In the hope that I do not disappoint you: more SRP and iSER throughput measurements showed that the dominating factor in asynchronous read performance is the readahead size. This factor has a much larger influence than any other parameter I tried to vary, including the I/O scheduler.
Comment 30 Florian Mickler 2010-09-28 05:18:46 UTC
What is your conclusion from this? 

Should this still be an open regression report from 2.6.28 or do you consider this fixed? Do you have numbers for current kernels? 

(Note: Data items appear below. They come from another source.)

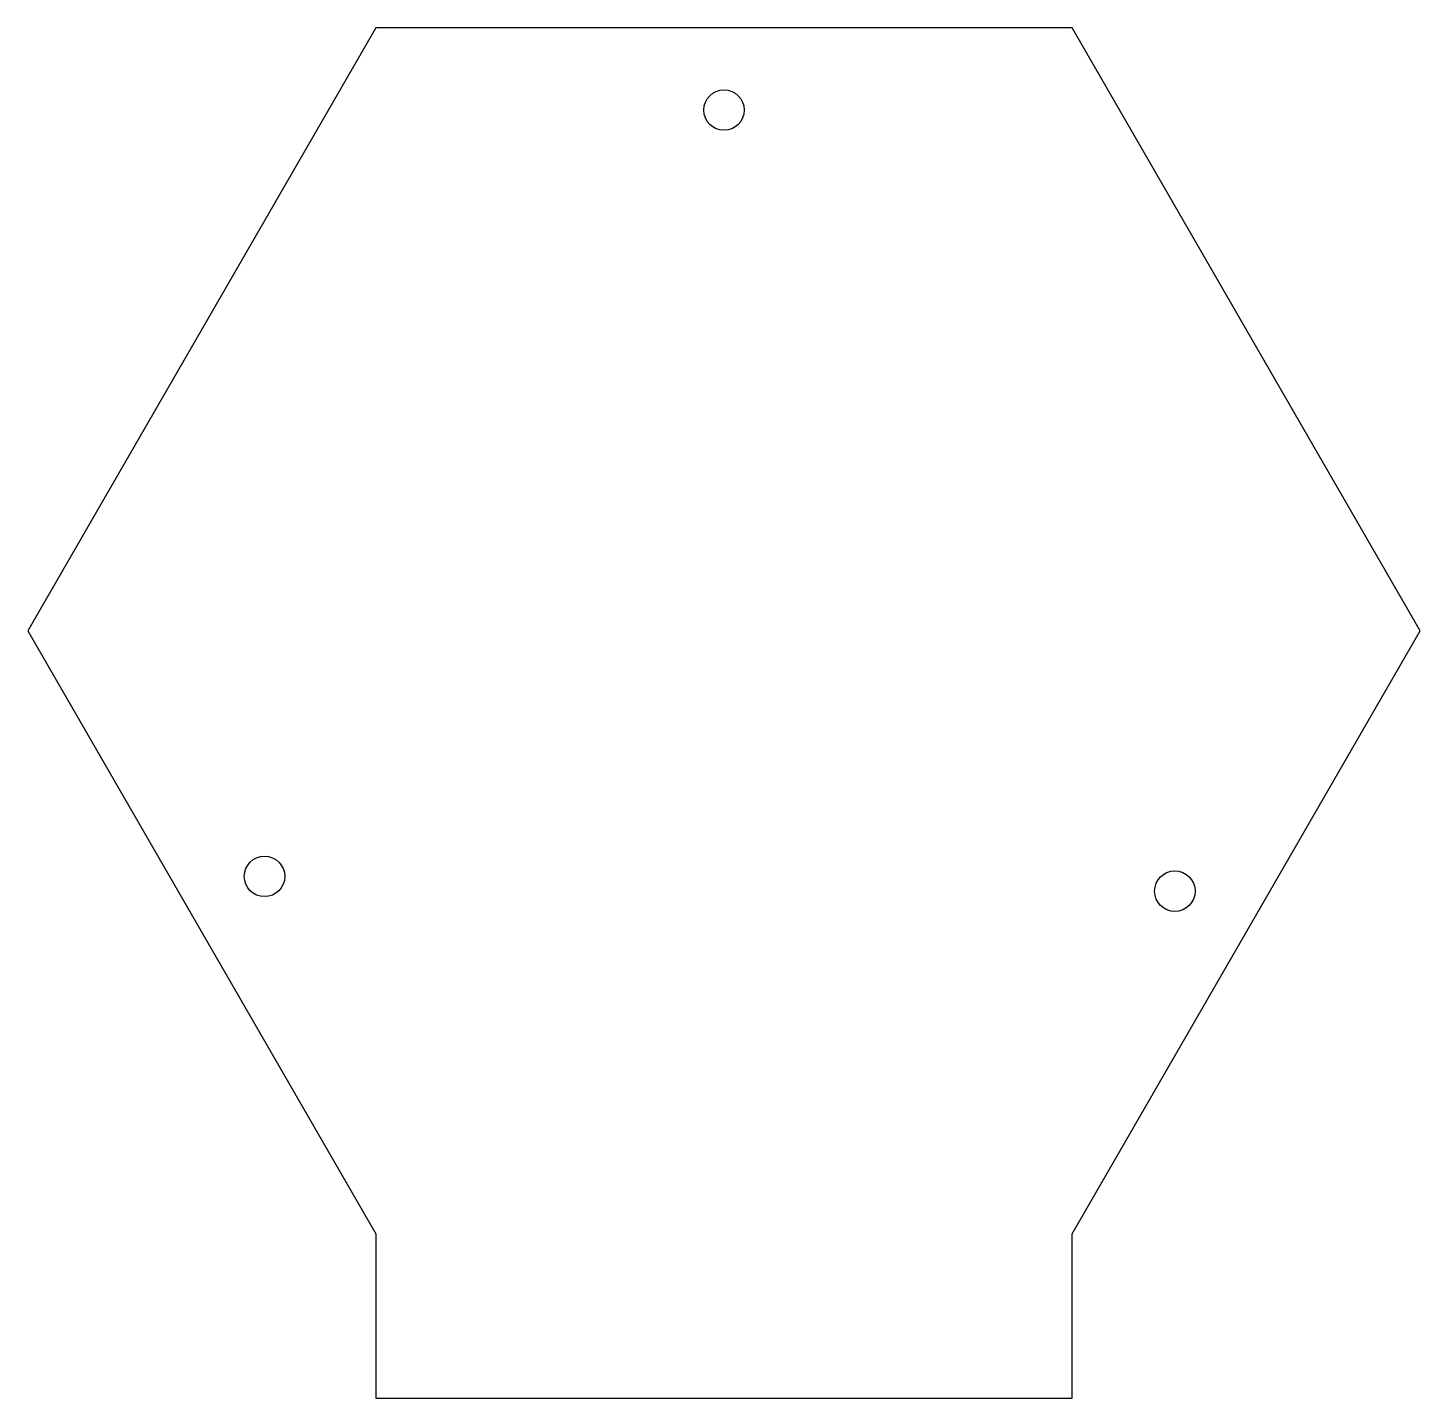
# Model space of a CAD drawing. Extents: x -55 to 55, y -61 to 48.
import ezdxf

# ---------------------------------------------------------------- set-up
doc = ezdxf.new("R2010")
doc.units = 0
doc.header["$MEASUREMENT"] = 0
doc.layers.get('0').update_dxf_attribs({"linetype": 'CONTINUOUS'})

msp = doc.modelspace()

# ---------------------------------------------------------------- linework, layer by layer
at = {"color": 92}
msp.add_lwpolyline([(55, 0), (27.5, 47.63), (-27.5, 47.63), (-55, 0), (-27.5, -47.63), (-27.5, -60.62), (27.5, -60.62), (27.5, -47.63)], close=True, dxfattribs=at)
for centre in [(0, 41.14), (-36.3, -19.4), (35.62, -20.57)]:
    msp.add_circle(centre, 1.6, dxfattribs=at)

doc.saveas('drawing.dxf')

I think regularly monitoring these things for every kernel version and maybe even for the late -rc series might be beneficial....
Comment 31 Bart Van Assche 2010-09-28 19:24:54 UTC
(In reply to comment #30)
> What is your conclusion from this? 
> 
> Should this still be an open regression report from 2.6.28 or do you consider
> this fixed? Do you have numbers for current kernels? 

While asynchronous read throughput has improved significantly, asynchronous write throughput for a 4 KB block size and with the NOOP scheduler is 32% slower with the 2.6.33-rc7 kernel compared to the 2.6.28 kernel. Looks like a regression to me.

> I think regularly monitoring these things for every kernel version and maybe
> even for the late -rc series might be beneficial....

I agree. I hope that someone who is reading this has the time to set up an infrastructure that allows to run this test in an automated fashion for every new rc kernel.

Regarding more recent kernels: a quick test indicated that 2.6.35 kernels are at least a few percent slower than 2.6.34 kernels for direct I/O.
Comment 32 Florian Mickler 2010-12-17 20:44:14 UTC
I assume that between 2.6.33-rc7 and 2.6.34 no miracle occurred and thus the 2.6.35 throughput is also slower than 2.6.28. You might consider to raise this issue/discuss this issue on the mailinglist and see if someone is interested in fixing it.